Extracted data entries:
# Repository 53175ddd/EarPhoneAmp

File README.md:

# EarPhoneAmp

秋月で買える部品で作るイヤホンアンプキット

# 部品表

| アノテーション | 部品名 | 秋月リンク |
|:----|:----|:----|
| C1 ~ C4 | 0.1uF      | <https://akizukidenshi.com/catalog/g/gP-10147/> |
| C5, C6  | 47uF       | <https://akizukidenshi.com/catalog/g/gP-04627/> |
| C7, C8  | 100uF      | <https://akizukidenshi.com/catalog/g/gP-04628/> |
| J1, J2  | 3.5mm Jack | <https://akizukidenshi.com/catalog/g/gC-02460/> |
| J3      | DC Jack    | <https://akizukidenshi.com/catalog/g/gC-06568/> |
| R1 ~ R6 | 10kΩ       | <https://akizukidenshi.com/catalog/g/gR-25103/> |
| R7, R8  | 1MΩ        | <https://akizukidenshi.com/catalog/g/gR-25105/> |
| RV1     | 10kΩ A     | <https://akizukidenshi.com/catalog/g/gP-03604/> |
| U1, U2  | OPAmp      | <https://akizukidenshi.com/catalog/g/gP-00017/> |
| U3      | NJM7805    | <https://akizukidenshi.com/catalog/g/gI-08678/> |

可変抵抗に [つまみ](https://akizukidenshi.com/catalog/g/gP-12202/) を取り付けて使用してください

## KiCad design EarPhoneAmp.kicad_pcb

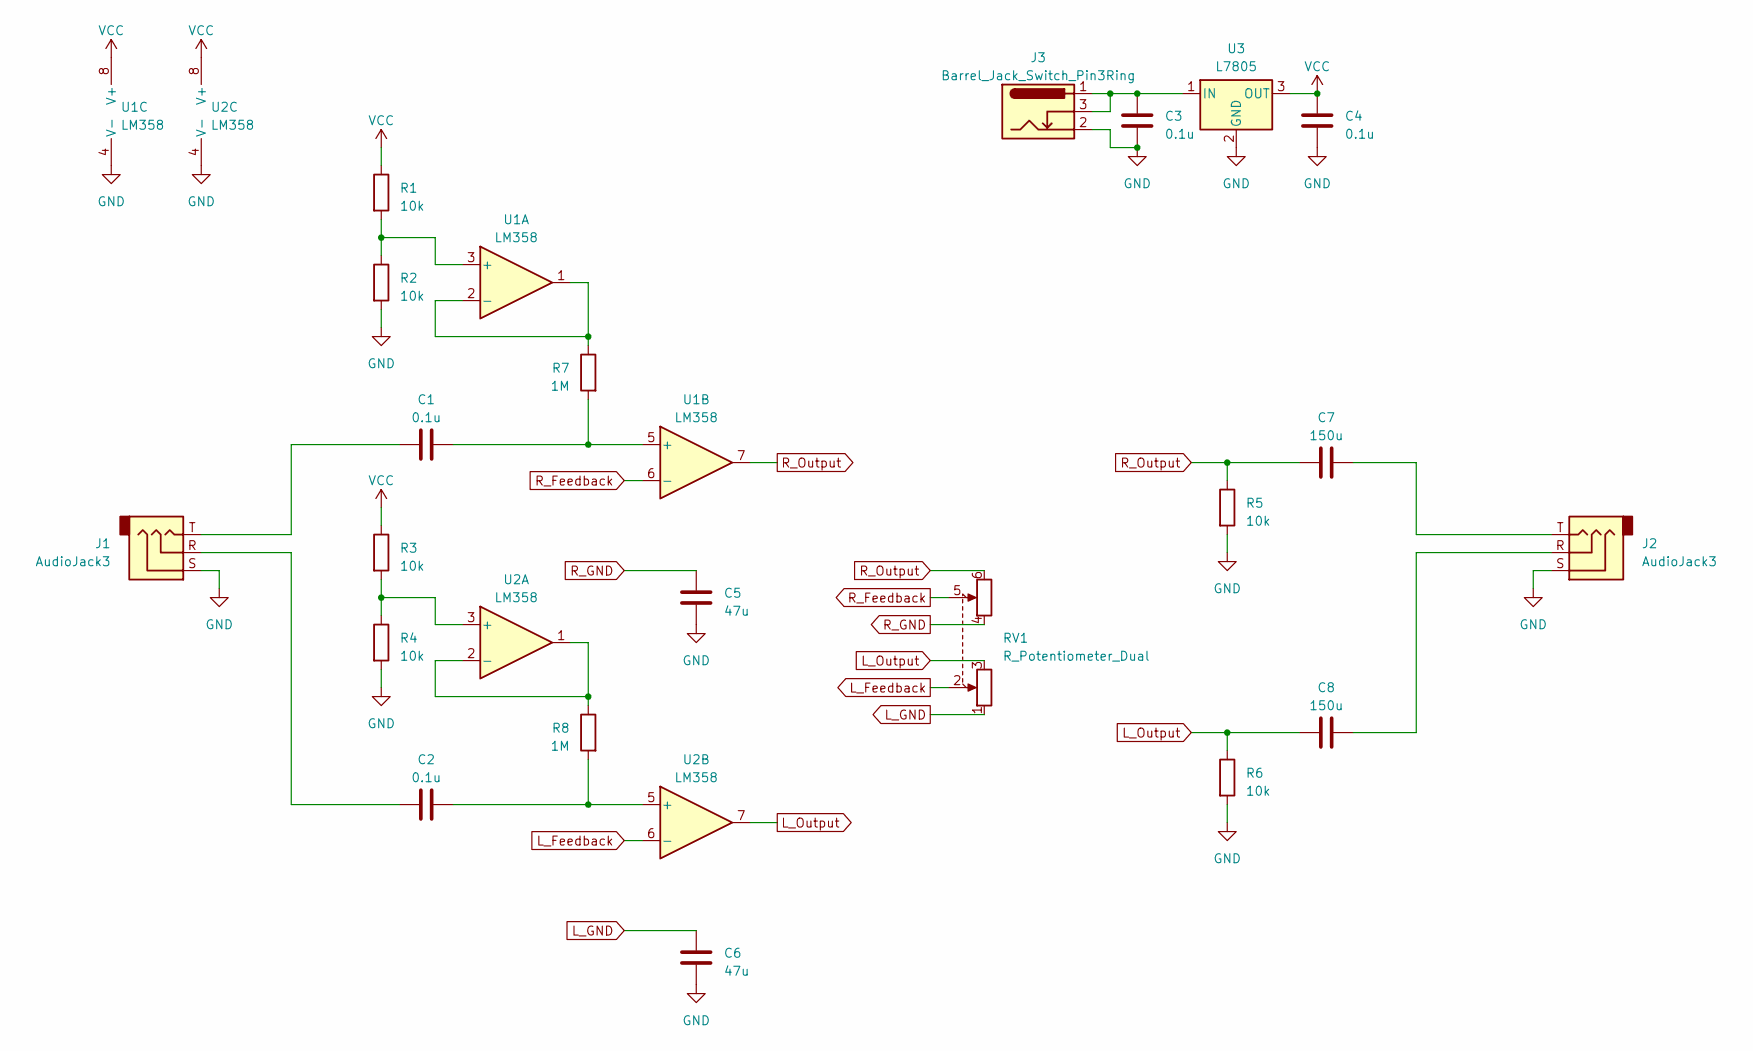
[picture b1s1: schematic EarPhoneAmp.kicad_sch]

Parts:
C1, C2, C3, C4: 0.1u; C_Disc_D5.0mm_W2.5mm_P5.00mm
C5, C6: 47u; CP_Radial_D6.3mm_P2.50mm
C7, C8: 150u; CP_Radial_D10.0mm_P5.00mm
J1: AudioJack3; Jack_3.5mm_Switronic_ST-005-G_horizontal
J2: AudioJack3; Jack_3.5mm_Lumberg_1503_07_Horizontal
J3: Barrel_Jack_Switch_Pin3Ring; BarrelJack_Horizontal
R1, R2, R3, R4, R5, R6: 10k; R_Axial_DIN0204_L3.6mm_D1.6mm_P7.62mm_Horizontal
R7, R8: 1M; R_Axial_DIN0204_L3.6mm_D1.6mm_P7.62mm_Horizontal
RV1: R_Potentiometer_Dual; Potentiometer_Alps_RK097_Dual_Horizontal
U1, U2: LM358; DIP-8_W7.62mm_Socket
U3: L7805; TO-220-3_Vertical

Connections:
GND: C3.2, C4.2, C5.2, C6.2, J1.S, J2.S, J3.2, R2.2, R4.2, R5.2, R6.2, U1.4 (V-), U2.4 (V-), U3.2 (GND)
L_Feedback: RV1.2, U2.6 (-)
L_GND: C6.1, RV1.1
L_Output: C8.1, R6.1, RV1.3, U2.7
unnamed: C1.1, J1.T
unnamed: C2.1, J1.R
unnamed: C7.2, J2.T
unnamed: C8.2, J2.R
unnamed: R1.2, R2.1, U1.3 (+)
unnamed: R7.1, U1.1, U1.2 (-)
unnamed: C1.2, R7.2, U1.5 (+)
unnamed: R3.2, R4.1, U2.3 (+)
unnamed: R8.1, U2.1, U2.2 (-)
unnamed: C2.2, R8.2, U2.5 (+)
unnamed: C3.1, J3.1, J3.3, U3.1 (IN)
R_Feedback: RV1.5, U1.6 (-)
R_GND: C5.1, RV1.4
R_Output: C7.1, R5.1, RV1.6, U1.7
VCC: C4.1, R1.1, R3.1, U1.8 (V+), U2.8 (V+), U3.3 (OUT)

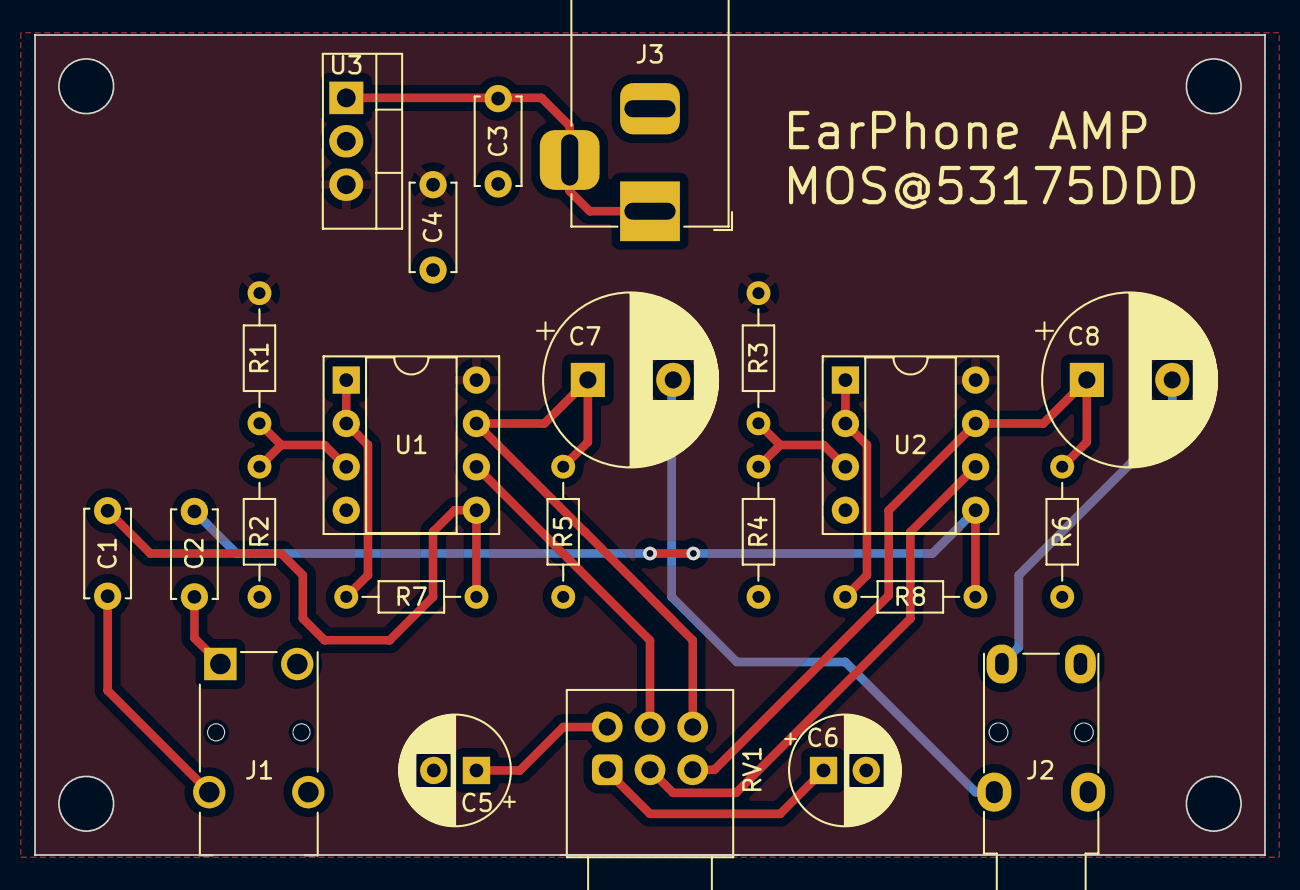
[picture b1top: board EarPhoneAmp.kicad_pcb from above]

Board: 2 copper layers, 72.0 x 48.0 mm, 23 parts (0 on the bottom side), 19 nets.

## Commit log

2023-12-27 部品表作成

TASK BRIEF ▸ Starting at the line above that holds "C1, C2, C3, C4: 0.1u;" and ending at the line that holds "R7, R8: 1M;", transcribe each line exactly and include no other lines.

SOLVED EXERCISE ▸
C1, C2, C3, C4: 0.1u; C_Disc_D5.0mm_W2.5mm_P5.00mm
C5, C6: 47u; CP_Radial_D6.3mm_P2.50mm
C7, C8: 150u; CP_Radial_D10.0mm_P5.00mm
J1: AudioJack3; Jack_3.5mm_Switronic_ST-005-G_horizontal
J2: AudioJack3; Jack_3.5mm_Lumberg_1503_07_Horizontal
J3: Barrel_Jack_Switch_Pin3Ring; BarrelJack_Horizontal
R1, R2, R3, R4, R5, R6: 10k; R_Axial_DIN0204_L3.6mm_D1.6mm_P7.62mm_Horizontal
R7, R8: 1M; R_Axial_DIN0204_L3.6mm_D1.6mm_P7.62mm_Horizontal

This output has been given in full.